Although it’s not news that Yahoo has been readying a new version of its homepage and has spent a lot of time doing so–in fact, it’s gone all Handy Manny with a whole lot of test renovations–the Internet giant begins the massive rollout of it tomorrow.

The official launch of what was code-named “Metro,” which Yahoo had previously said was coming in the fall, will take place on an opt-in “beta” basis for the hundreds of millions of users in the U.S. and will be extended to France, the U.K. and India later this week.

When users log in, they will get a choice–for now, there will be no forcing it–to switch over to the new version, which Yahoo’s Tapan Bhat, SVP of Integrated Consumer Experiences, said in an interview with me today by phone, is the “the most fundamental change to the homepage ever.”

And, indeed, the new look is much different, even than previous launch candidates, featuring an almost complete rejiggering of the look and feel of the most important page at Yahoo (YHOO) and one of the most trafficked on the Internet.

The change is an important one for Yahoo, since its front page is perhaps its most powerful calling card to users and advertisers, as well as to Wall Street. Its homepage gets 330 million unique visitors every month.

Yahoo has redone its homepage many times since its founding in the mid-1990s (you can see the various incarnations of it here), but this new design is perhaps the most dramatic.

(See screenshots of the new regular page and one with a Facebook app featured below; click on the images to make them larger.)

The most striking change is a prominent left-side “My Favorites” area, with 65 specially designed applications that users can customize, including giving a quick hovering glimpse of email, stocks and of third-party sites like Facebook.

Not quite a dashboard or exactly a social networking page, it feels a little as if Yahoo took a browser tab or a toolbar, put it in a vertical format and gave it some great functionality.

Full disclosure: All Things Digital, as well as several other Dow Jones news properties, are in its special alphabetical apps gallery, although I had no idea it would be there.

Yahoo also allows users to create such widgets on the fly from most any Web site and they can have up to 36 apps on the homepage.

There is advertising in the boxes that pop up when hovering over these apps, which is a way of dealing with the issue of purposely sending users away from Yahoo rather than keeping them there. It is a much better version of that trap.

“We want to be the center of people’s lives online and want to do it in an open, innovative way, all while providing a compelling experience,” said Bhat. “It marks the beginning of a renaissance of Yahoo, a renaissance where every pixel matters.”

After looking over the history of Yahoo’s homepages since 1994 (see them all here), it has pretty much told a story of a site with increasingly smaller font sizes and more stuff packed on it.
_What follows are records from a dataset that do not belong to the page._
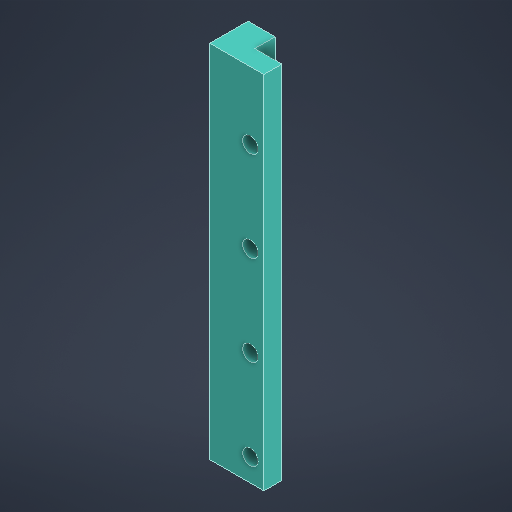
# Autodesk Inventor part: Right_Rod_Support
Saved by Autodesk Inventor 2027.1 (Build 311270010, 270A)
## iProperties
Created: 2026-09-22
Part Number: Right_Rod_Support
Material: Generic
Document SubType Name: Modeling
Designer: 박정현
Density: 1 g/cm^3
Appearance: Right separate support; four original rod clearance holes and four blind M3 x 0.5 - 6H deck threads, 6.5 mm depth.
Author: 박정현
Comments: Right separate support; four original rod clearance holes and four blind M3 x 0.5 - 6H deck threads, 6.5 mm depth.
Autodesk Inventor part; units mm, degrees
ref_plane "Right_Connecting_Web_StartPlane" through (0, 0, 4) normal (0, 0, 1) x (1, 0, 0)
sketch "Right_Connecting_Web_Profile" plane through (0, 0, 4) normal (0, 0, 1) x (1, 0, 0)
  line L0 (39, 0) -> (45, 0)
  line L1 (45, 0) -> (45, 80)
  line L2 (45, 80) -> (39, 80)
  line L3 (39, 80) -> (39, 0)
  point P0 (0, 0)
  dimension "d1" = 39
  dimension "d2" = 6
  dimension "d3" = 80
  constraints: 8 end point, 2 parallel, 1 horizontal, 1 horizontal alignment, 1 perpendicular
  measures "d1" distance of point (0, 0) L0.start
  measures "d2" distance of L1.end L2.end
  measures "d3" distance of L2.end L0.start
extrude "Right_Connecting_Web" add sketch "Right_Connecting_Web_Profile" along normal blind 8.5
ref_plane "Right_Rod_Contact_Flange_StartPlane" through (0, 0, 8.5) normal (0, 0, 1) x (1, 0, 0)
sketch "Right_Rod_Contact_Flange_Profile" plane through (0, 0, 8.5) normal (0, 0, 1) x (1, 0, 0)
  line L0 (39, 0) -> (51, 0)
  line L1 (51, 0) -> (51, 80)
  line L2 (51, 80) -> (39, 80)
  line L3 (39, 80) -> (39, 0)
  point P0 (0, 0)
  dimension "d7" = 39
  dimension "d8" = 12
  dimension "d9" = 80
  constraints: 8 end point, 2 parallel, 1 horizontal, 1 horizontal alignment, 1 perpendicular
  measures "d7" distance of point (0, 0) L0.start
  measures "d8" distance of L1.end L2.end
  measures "d9" distance of L2.end L0.start
extrude "Right_Rod_Contact_Flange" add sketch "Right_Rod_Contact_Flange_Profile" along normal blind 4
sketch "Original_Rod_Clearance_4x_Locations" plane through (0, 0, 0) normal (0, 0, 1) x (1, 0, 0)
  circle A0 centre (48, 5) radius 1.7
  circle A1 centre (48, 25) radius 1.7
  circle A2 centre (48, 45) radius 1.7
  circle A3 centre (48, 65) radius 1.7
  point P0 (0, 0)
  dimension "d12" = 48
  dimension "d13" = 5
  dimension "d14" = 3.4
  dimension "d15" = 48
  dimension "d16" = 25
  dimension "d17" = 3.4
  dimension "d18" = 48
  dimension "d19" = 45
  dimension "d20" = 3.4
  dimension "d21" = 48
  dimension "d22" = 65
  dimension "d23" = 3.4
  constraints: 4 centre point
  measures "d12" horizontal distance of point (0, 0) A0.centre
  measures "d13" vertical distance of point (0, 0) A0.centre
  measures "d14" diameter of A0
  measures "d15" horizontal distance of point (0, 0) A1.centre
  measures "d16" vertical distance of point (0, 0) A1.centre
  measures "d17" diameter of A1
  measures "d18" horizontal distance of point (0, 0) A2.centre
  measures "d19" vertical distance of point (0, 0) A2.centre
  measures "d20" diameter of A2
  measures "d21" horizontal distance of point (0, 0) A3.centre
  measures "d22" vertical distance of point (0, 0) A3.centre
  measures "d23" diameter of A3
extrude "Original_Rod_Clearance_4x" cut sketch "Original_Rod_Clearance_4x_Locations" along normal through all
ref_plane "Work Plane3" through (0, 0, 4) normal (0, 0, 1) x (1, 0, 0)
sketch "Deck_Assembly_M3_Locations" plane through (0, 0, 4) normal (0, 0, 1) x (1, 0, 0)
  circle A0 centre (41.5, 10) radius 1.25
  circle A1 centre (41.5, 30) radius 1.25
  circle A2 centre (41.5, 50) radius 1.25
  circle A3 centre (41.5, 70) radius 1.25
  point P0 (0, 0)
  dimension "d27" = 41.5
  dimension "d28" = 10
  dimension "d29" = 2.5
  dimension "d30" = 41.5
  dimension "d31" = 30
  dimension "d32" = 2.5
  dimension "d33" = 41.5
  dimension "d34" = 50
  dimension "d35" = 2.5
  dimension "d36" = 41.5
  dimension "d37" = 70
  dimension "d38" = 2.5
  constraints: 4 centre point
  measures "d27" horizontal distance of point (0, 0) A0.centre
  measures "d28" vertical distance of point (0, 0) A0.centre
  measures "d29" diameter of A0
  measures "d30" horizontal distance of point (0, 0) A1.centre
  measures "d31" vertical distance of point (0, 0) A1.centre
  measures "d32" diameter of A1
  measures "d33" horizontal distance of point (0, 0) A2.centre
  measures "d34" vertical distance of point (0, 0) A2.centre
  measures "d35" diameter of A2
  measures "d36" horizontal distance of point (0, 0) A3.centre
  measures "d37" vertical distance of point (0, 0) A3.centre
  measures "d38" diameter of A3
extrude "Four_Blind_M3_Tap_Bores" cut sketch "Deck_Assembly_M3_Locations" along normal blind 6.5
thread "Deck_M3x0_5_6H_1" size "M3x0.5" class "6H" standard "ISO Metric profile" length 6.5
thread "Deck_M3x0_5_6H_2" size "M3x0.5" class "6H" standard "ISO Metric profile" length 6.5
thread "Deck_M3x0_5_6H_3" size "M3x0.5" class "6H" standard "ISO Metric profile" length 6.5
thread "Deck_M3x0_5_6H_4" size "M3x0.5" class "6H" standard "ISO Metric profile" length 6.5
equation "\"d1\" = -RodWidth + OverallWidth - WebThickness"
equation "\"d2\" = WebThickness"
equation "\"d3\" = ContactLength"
equation "\"d4\" = DropHeight"
equation "\"d7\" = -RodWidth + OverallWidth - WebThickness"
equation "\"d8\" = RodWidth + WebThickness"
equation "\"d9\" = ContactLength"
equation "\"d10\" = BaseThickness"
equation "\"d12\" = OverallWidth - 0.5 * RodWidth"
equation "\"d13\" = RodHoleStart + 0 * RodScrewPitch"
equation "\"d14\" = RodClearanceDiameter"
equation "\"d15\" = OverallWidth - 0.5 * RodWidth"
equation "\"d16\" = RodHoleStart + RodScrewPitch"
equation "\"d17\" = RodClearanceDiameter"
equation "\"d18\" = OverallWidth - 0.5 * RodWidth"
equation "\"d19\" = RodHoleStart + 2 * RodScrewPitch"
equation "\"d20\" = RodClearanceDiameter"
equation "\"d21\" = OverallWidth - 0.5 * RodWidth"
equation "\"d22\" = RodHoleStart + 3 * RodScrewPitch"
equation "\"d23\" = RodClearanceDiameter"
equation "\"d27\" = OverallWidth - JoinLeftX"
equation "\"d28\" = JoinFirstY + 0 * JoinPitch"
equation "\"d29\" = TapDrillDiameter"
equation "\"d30\" = OverallWidth - JoinLeftX"
equation "\"d31\" = JoinFirstY + JoinPitch"
equation "\"d32\" = TapDrillDiameter"
equation "\"d33\" = OverallWidth - JoinLeftX"
equation "\"d34\" = JoinFirstY + 2 * JoinPitch"
equation "\"d35\" = TapDrillDiameter"
equation "\"d36\" = OverallWidth - JoinLeftX"
equation "\"d37\" = JoinFirstY + 3 * JoinPitch"
equation "\"d38\" = TapDrillDiameter"
equation "\"d39\" = JoinThreadDepth"
equation "\"d41\" = JoinThreadDepth"
equation "\"d43\" = JoinThreadDepth"
equation "\"d45\" = JoinThreadDepth"
equation "\"d47\" = JoinThreadDepth"
equation "\"OverallWidth\" = 51"
equation "\"RodWidth\" = 6"
equation "\"ContactLength\" = 80"
equation "\"BaseThickness\" = 4"
equation "\"DropHeight\" = 8.5"
equation "\"WebThickness\" = 6"
equation "\"FingerStartX\" = 19.93338"
equation "\"FingerWidth\" = 13.5"
equation "\"FingerThickness\" = 6"
equation "\"FingerEndInset\" = 4"
equation "\"RodClearanceDiameter\" = 3.4"
equation "\"ClampFirstY\" = 41.82802"
equation "\"ClampPitch\" = 16"
equation "\"ClampHeight\" = BaseThickness + 0.5 * FingerThickness"
equation "\"TapDrillDiameter\" = 2.5"
equation "\"TapDepth\" = 6"
equation "\"RodHoleStart\" = 5"
equation "\"RodScrewPitch\" = 20"
equation "\"JoinLeftX\" = 9.5"
equation "\"JoinFirstY\" = 10"
equation "\"JoinPitch\" = 20"
equation "\"JoinThreadDepth\" = 6.5"
equation "\"JoinCountersinkDiameter\" = 6.2"
equation "\"d0\" = BaseThickness"
equation "\"d6\" = DropHeight"
equation "\"d26\" = BaseThickness"
body "Solid1"

“It had nothing to do with the user, but what Yahoo wanted the user to do,” said Bhat, rather frankly.

Thus, he said, everything going forward will focus on what the user wants, which, he explained, essentially boils down to a “my world” and “the world” outlook.

In the my-world bucket: Email, favorite Web sites, stock info. In the the-world: General news, search, what’s hot.

But, unlike its highly customized MyYahoo product, Bhat said that Yahoo wanted to make it easier for users to create a page where “there is destination for everything you are about in just a click or two.”

The programmed “Today” module remains, although users can indicate which kind of information–finance, news, entertainment–gets top billing.

The module is also localized, depending on the user.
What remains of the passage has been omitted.